» **Task directions**: Retype nothing except the lines below from the one with "- Screw1: screw" through the one with "- Part 4 - Tire-1: Part", exactly, with images left out.

» **Stored records**:
● ● ● ● ● ● ●
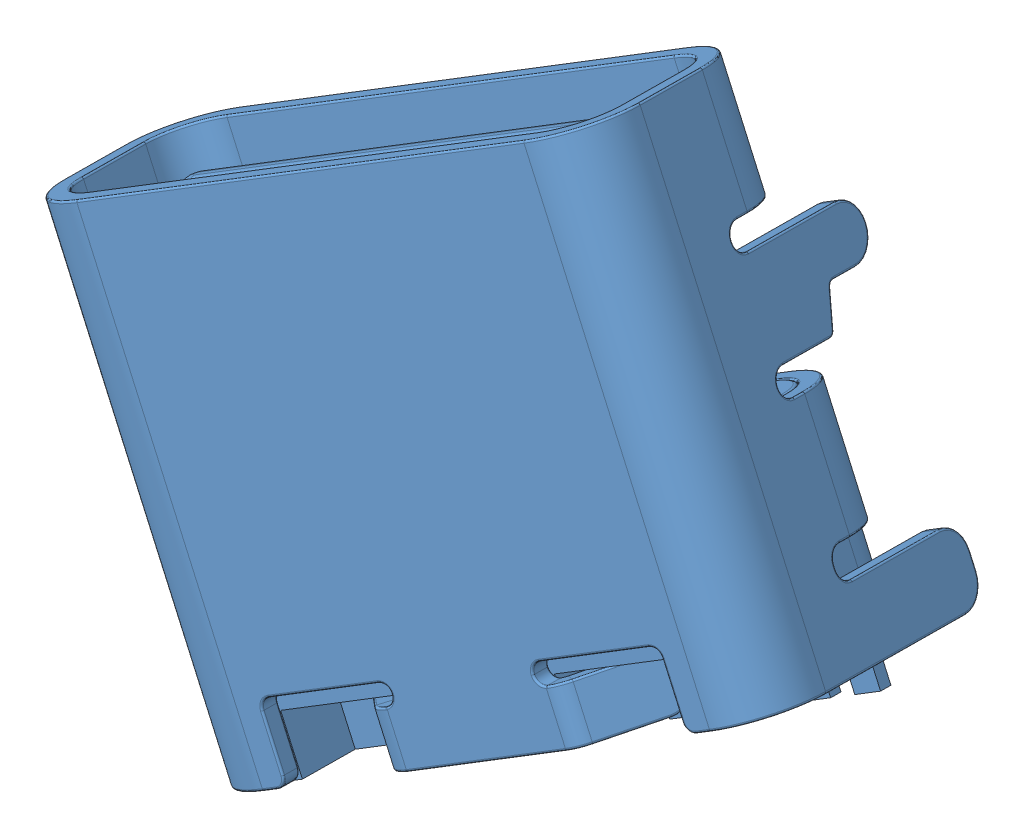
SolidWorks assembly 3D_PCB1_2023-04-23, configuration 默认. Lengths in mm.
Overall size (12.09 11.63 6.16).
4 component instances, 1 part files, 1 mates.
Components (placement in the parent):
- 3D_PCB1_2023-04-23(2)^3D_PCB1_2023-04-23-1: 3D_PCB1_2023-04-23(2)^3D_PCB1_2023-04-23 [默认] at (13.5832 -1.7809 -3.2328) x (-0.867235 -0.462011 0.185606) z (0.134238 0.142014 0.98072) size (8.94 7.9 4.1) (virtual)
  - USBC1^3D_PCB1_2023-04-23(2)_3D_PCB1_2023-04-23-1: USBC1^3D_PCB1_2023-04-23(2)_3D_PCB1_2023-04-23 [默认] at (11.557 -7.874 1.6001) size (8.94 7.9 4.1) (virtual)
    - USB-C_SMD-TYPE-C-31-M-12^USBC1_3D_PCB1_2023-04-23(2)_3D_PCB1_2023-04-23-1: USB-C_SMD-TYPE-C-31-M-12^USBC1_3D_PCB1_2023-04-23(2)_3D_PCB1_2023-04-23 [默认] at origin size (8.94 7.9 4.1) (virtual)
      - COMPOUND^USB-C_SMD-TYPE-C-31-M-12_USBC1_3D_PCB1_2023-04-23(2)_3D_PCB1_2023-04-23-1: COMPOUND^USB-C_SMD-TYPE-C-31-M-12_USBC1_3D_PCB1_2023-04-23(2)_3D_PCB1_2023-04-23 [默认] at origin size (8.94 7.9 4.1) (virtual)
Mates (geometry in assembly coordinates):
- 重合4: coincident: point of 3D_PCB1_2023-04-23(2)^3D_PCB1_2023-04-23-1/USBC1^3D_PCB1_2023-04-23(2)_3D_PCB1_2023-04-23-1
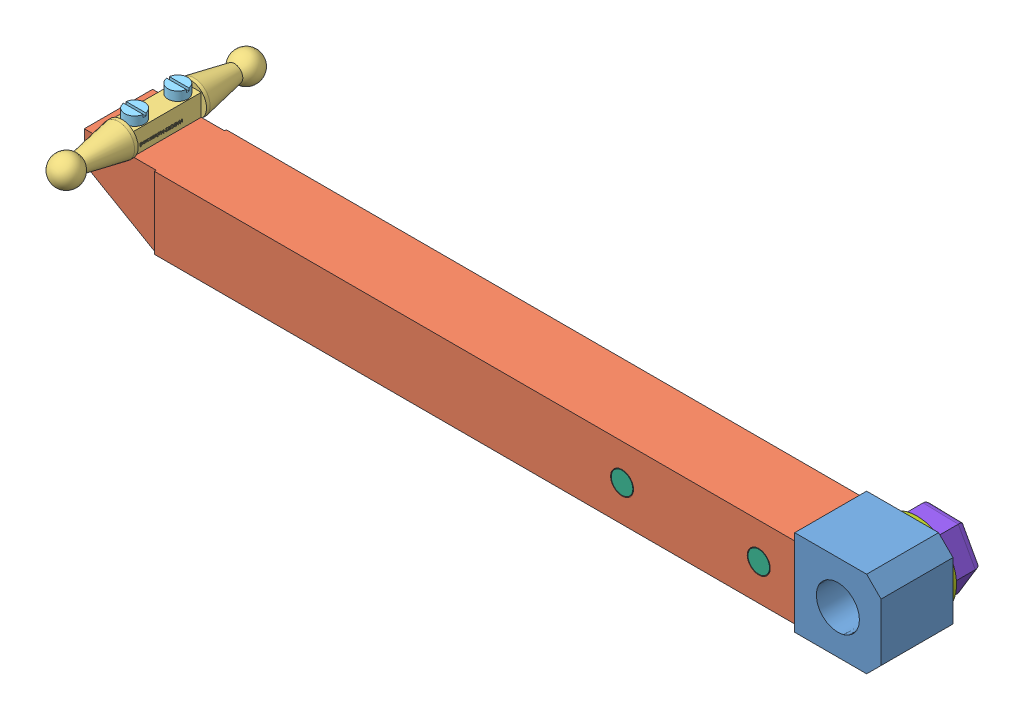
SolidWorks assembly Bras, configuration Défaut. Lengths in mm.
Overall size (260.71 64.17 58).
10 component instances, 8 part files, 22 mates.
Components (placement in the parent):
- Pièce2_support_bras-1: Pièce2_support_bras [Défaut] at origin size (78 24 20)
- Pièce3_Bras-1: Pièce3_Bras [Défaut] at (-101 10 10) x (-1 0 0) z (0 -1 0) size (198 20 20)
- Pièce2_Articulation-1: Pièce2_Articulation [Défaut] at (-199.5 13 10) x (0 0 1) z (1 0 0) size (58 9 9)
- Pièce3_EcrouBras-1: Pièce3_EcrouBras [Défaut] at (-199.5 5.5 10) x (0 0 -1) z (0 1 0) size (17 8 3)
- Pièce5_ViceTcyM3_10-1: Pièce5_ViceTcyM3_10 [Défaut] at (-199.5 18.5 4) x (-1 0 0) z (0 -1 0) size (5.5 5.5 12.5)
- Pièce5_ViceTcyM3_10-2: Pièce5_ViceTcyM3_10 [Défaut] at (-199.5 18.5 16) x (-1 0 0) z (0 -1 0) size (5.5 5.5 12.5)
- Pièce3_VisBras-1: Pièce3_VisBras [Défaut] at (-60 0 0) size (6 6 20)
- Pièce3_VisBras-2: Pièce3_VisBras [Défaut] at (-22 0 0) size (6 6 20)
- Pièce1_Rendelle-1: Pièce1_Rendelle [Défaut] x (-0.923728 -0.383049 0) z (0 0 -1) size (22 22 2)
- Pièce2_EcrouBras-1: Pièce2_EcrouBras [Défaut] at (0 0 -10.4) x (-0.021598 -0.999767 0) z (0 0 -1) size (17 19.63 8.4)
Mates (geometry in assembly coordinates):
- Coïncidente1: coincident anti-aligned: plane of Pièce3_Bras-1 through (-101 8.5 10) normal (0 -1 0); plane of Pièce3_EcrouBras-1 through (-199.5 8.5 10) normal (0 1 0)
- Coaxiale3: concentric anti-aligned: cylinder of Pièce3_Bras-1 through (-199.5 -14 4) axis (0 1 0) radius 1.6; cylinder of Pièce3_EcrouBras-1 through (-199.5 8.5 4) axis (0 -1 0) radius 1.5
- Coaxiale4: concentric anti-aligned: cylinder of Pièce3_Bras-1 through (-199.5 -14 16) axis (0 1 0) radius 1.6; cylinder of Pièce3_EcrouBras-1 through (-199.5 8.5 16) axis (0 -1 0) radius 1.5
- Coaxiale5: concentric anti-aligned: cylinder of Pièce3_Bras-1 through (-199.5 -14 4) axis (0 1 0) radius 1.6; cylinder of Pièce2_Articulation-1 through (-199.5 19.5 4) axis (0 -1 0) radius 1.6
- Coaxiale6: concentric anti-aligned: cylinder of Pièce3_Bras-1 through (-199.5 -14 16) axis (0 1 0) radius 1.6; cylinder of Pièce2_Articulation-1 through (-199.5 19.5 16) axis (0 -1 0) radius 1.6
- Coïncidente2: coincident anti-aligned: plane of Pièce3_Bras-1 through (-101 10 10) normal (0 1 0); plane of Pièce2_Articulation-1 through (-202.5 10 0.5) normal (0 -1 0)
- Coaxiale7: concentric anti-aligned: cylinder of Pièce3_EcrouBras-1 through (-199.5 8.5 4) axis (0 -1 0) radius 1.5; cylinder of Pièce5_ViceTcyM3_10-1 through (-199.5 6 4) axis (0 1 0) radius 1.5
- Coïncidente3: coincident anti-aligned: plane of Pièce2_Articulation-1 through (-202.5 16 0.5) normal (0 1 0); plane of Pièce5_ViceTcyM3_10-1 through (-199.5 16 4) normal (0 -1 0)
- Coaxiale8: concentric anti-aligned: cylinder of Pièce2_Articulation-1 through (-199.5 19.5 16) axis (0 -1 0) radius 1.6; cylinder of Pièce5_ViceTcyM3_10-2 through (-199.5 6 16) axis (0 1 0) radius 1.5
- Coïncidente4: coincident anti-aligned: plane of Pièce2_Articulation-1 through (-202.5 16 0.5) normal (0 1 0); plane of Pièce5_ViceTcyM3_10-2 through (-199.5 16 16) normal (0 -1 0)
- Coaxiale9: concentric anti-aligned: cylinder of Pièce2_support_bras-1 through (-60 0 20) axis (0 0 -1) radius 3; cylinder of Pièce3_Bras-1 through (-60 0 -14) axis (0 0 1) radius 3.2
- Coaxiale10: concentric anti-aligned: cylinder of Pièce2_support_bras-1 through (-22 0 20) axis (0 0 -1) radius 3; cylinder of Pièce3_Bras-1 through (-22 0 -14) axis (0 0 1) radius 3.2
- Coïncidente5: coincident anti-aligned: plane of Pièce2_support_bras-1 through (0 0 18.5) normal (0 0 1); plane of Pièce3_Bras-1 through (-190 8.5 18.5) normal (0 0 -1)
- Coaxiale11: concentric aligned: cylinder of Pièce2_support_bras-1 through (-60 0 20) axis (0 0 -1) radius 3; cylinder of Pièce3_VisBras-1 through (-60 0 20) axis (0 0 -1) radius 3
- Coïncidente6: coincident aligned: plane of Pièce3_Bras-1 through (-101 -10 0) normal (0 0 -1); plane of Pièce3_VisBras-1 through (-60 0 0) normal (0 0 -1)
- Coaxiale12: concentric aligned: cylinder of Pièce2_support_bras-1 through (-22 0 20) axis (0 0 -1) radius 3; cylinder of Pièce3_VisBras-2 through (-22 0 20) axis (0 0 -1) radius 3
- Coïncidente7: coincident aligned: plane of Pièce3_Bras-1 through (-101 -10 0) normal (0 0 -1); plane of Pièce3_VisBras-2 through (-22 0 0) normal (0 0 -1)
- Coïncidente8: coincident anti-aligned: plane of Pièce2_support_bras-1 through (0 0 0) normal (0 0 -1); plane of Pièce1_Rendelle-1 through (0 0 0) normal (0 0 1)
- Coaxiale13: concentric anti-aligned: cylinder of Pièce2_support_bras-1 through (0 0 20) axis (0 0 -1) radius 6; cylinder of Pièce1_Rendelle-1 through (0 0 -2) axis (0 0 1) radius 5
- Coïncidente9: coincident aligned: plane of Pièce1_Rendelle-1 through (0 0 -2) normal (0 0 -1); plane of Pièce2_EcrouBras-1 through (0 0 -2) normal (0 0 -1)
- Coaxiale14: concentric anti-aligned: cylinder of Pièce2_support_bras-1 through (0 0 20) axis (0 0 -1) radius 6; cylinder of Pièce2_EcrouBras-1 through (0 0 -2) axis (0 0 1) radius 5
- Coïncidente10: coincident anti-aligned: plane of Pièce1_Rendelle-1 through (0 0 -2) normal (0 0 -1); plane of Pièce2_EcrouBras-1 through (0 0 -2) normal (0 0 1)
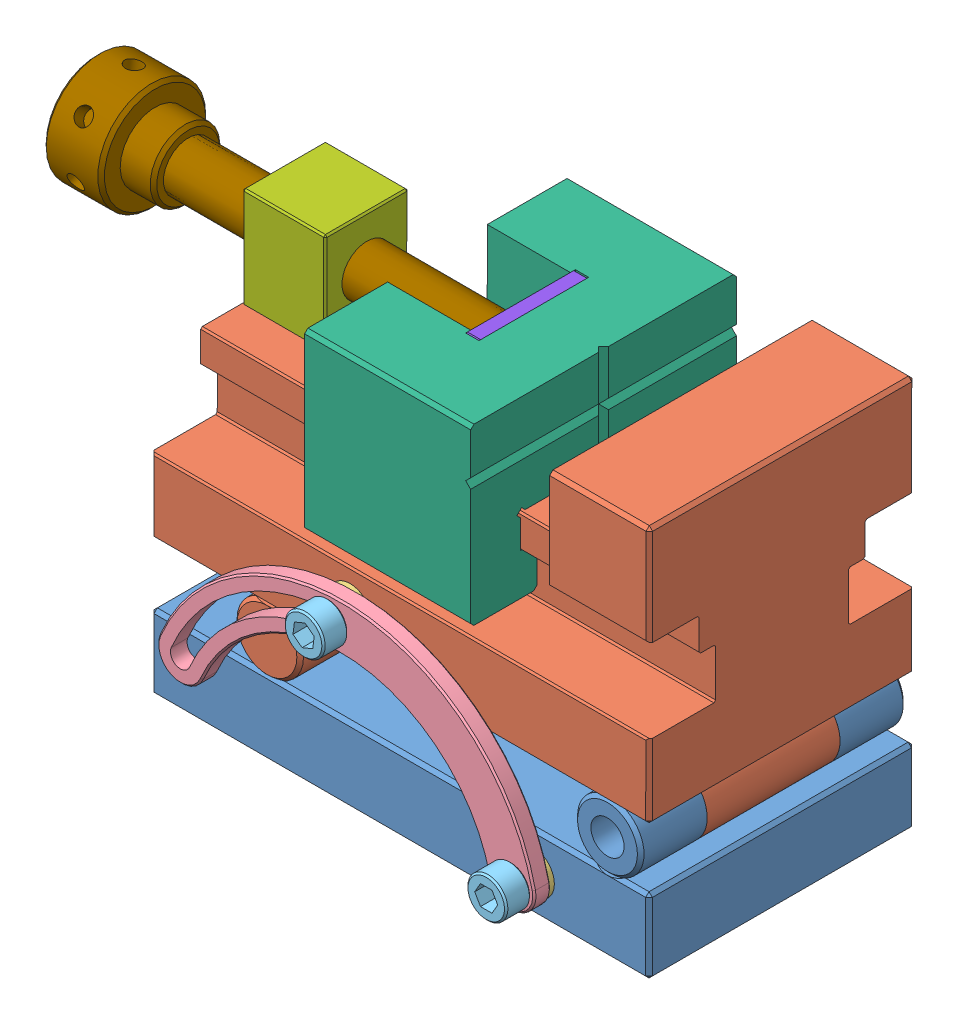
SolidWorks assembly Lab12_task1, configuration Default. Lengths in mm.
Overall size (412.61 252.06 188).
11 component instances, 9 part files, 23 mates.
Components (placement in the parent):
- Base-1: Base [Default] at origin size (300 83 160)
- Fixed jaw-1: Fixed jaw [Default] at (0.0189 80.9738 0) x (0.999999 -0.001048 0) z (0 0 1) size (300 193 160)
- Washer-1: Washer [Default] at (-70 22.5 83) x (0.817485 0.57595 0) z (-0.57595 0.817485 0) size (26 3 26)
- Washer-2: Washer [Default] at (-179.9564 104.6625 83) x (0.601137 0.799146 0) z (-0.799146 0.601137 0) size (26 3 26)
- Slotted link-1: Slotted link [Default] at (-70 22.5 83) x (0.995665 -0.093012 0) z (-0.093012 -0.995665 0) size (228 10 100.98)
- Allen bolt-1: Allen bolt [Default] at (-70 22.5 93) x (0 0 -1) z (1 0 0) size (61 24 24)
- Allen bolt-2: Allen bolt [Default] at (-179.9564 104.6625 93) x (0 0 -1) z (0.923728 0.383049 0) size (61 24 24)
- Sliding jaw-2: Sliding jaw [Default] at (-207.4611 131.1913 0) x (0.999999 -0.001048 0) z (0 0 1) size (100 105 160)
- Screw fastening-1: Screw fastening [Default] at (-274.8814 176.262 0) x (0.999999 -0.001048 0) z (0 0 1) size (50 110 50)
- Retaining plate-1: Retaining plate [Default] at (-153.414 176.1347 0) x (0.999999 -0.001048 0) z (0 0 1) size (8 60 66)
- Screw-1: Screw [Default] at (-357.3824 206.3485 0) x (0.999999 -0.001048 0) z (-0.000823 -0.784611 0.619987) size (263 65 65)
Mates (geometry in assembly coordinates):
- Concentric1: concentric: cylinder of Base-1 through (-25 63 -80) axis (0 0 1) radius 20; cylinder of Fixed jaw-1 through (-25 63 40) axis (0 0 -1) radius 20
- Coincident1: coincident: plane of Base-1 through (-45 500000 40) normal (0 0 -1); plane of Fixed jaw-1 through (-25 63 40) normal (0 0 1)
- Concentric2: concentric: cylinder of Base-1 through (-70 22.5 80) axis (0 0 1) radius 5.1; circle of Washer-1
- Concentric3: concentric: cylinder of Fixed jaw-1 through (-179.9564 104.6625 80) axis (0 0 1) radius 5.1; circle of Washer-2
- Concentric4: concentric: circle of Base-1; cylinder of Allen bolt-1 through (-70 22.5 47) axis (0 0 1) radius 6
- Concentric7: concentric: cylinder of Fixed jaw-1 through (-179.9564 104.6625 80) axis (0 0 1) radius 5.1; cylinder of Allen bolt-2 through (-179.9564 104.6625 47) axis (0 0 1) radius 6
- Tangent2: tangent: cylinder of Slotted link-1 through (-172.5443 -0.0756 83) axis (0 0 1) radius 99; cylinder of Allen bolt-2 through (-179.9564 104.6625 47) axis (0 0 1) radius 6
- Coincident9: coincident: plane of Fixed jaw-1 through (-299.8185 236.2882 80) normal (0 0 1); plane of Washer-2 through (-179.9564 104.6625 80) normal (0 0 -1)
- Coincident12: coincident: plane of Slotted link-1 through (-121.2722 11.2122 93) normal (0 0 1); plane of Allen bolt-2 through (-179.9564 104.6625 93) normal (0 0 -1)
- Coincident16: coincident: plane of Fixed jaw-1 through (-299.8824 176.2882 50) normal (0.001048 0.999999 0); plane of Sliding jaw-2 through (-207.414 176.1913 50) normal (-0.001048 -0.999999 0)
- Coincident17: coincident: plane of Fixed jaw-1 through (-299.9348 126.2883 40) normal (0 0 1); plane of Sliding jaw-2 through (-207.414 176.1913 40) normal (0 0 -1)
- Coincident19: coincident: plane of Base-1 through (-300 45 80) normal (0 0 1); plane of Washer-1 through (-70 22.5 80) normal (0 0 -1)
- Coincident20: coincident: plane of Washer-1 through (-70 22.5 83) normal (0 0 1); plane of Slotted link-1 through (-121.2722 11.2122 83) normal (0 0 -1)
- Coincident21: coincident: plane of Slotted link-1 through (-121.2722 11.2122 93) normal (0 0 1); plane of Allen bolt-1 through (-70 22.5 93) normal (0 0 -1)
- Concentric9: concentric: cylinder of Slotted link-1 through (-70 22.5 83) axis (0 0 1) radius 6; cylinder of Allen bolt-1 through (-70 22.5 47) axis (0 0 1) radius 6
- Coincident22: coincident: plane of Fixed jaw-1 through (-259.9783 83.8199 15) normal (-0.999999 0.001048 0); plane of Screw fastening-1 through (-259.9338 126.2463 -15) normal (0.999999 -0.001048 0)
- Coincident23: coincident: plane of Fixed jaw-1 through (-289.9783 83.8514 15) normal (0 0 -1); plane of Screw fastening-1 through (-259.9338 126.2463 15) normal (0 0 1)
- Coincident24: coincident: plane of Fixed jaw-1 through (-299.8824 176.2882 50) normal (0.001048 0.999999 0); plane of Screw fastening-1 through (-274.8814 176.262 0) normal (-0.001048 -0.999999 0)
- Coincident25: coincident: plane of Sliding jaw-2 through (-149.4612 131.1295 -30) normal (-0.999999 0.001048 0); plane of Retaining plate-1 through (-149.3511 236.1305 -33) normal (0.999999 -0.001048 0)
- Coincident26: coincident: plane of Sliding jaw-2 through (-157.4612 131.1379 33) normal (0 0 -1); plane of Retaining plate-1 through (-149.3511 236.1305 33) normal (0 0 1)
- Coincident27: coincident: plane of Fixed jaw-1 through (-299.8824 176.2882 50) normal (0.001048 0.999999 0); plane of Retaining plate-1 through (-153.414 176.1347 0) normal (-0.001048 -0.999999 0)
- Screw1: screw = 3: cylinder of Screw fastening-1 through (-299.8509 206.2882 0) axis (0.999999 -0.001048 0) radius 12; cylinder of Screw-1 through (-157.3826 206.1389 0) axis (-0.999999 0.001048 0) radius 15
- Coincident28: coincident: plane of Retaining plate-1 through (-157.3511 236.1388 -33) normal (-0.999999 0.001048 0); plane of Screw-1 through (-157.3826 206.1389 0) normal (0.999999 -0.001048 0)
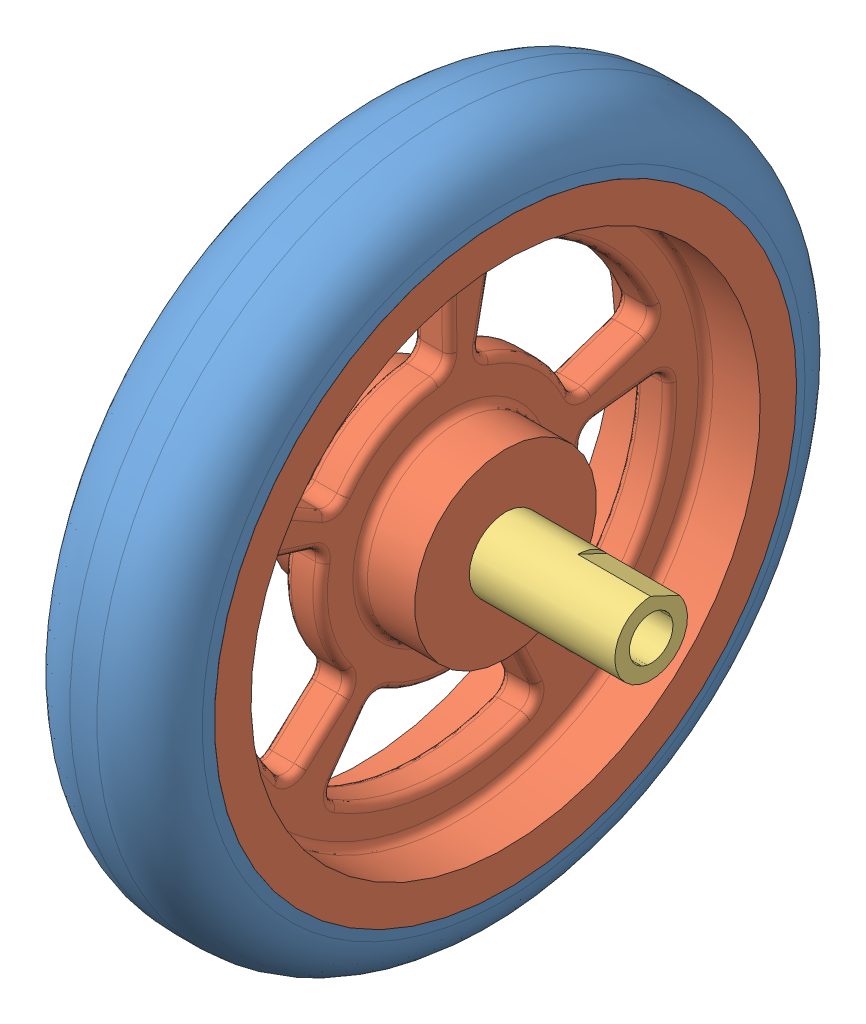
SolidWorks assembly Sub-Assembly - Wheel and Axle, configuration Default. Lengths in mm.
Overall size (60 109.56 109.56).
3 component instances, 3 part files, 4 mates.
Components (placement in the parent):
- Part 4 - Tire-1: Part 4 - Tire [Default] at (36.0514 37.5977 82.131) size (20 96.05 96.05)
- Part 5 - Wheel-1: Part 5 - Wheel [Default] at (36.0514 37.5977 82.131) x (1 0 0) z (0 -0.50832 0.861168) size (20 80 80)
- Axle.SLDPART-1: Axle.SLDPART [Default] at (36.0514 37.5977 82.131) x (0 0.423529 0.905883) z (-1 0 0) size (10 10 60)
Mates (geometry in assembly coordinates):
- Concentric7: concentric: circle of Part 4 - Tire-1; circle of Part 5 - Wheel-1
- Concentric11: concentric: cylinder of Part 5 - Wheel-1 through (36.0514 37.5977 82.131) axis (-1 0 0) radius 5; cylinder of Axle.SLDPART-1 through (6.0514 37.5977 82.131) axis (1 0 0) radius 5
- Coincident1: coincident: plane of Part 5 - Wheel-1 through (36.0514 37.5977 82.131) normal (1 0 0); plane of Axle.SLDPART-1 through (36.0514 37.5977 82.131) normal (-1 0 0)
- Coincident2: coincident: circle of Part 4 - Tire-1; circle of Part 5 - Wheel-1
● ● ● ● ● ● ●
» **Final answer**:
- Screw1: screw = 3: cylinder of Screw fastening-1 through (-299.8509 206.2882 0) axis (0.999999 -0.001048 0) radius 12; cylinder of Screw-1 through (-157.3826 206.1389 0) axis (-0.999999 0.001048 0) radius 15
- Coincident28: coincident: plane of Retaining plate-1 through (-157.3511 236.1388 -33) normal (-0.999999 0.001048 0); plane of Screw-1 through (-157.3826 206.1389 0) normal (0.999999 -0.001048 0)
SolidWorks assembly Sub-Assembly - Wheel and Axle, configuration Default. Lengths in mm.
Overall size (60 109.56 109.56).
3 component instances, 3 part files, 4 mates.
Components (placement in the parent):
- Part 4 - Tire-1: Part 4 - Tire [Default] at (36.0514 37.5977 82.131) size (20 96.05 96.05)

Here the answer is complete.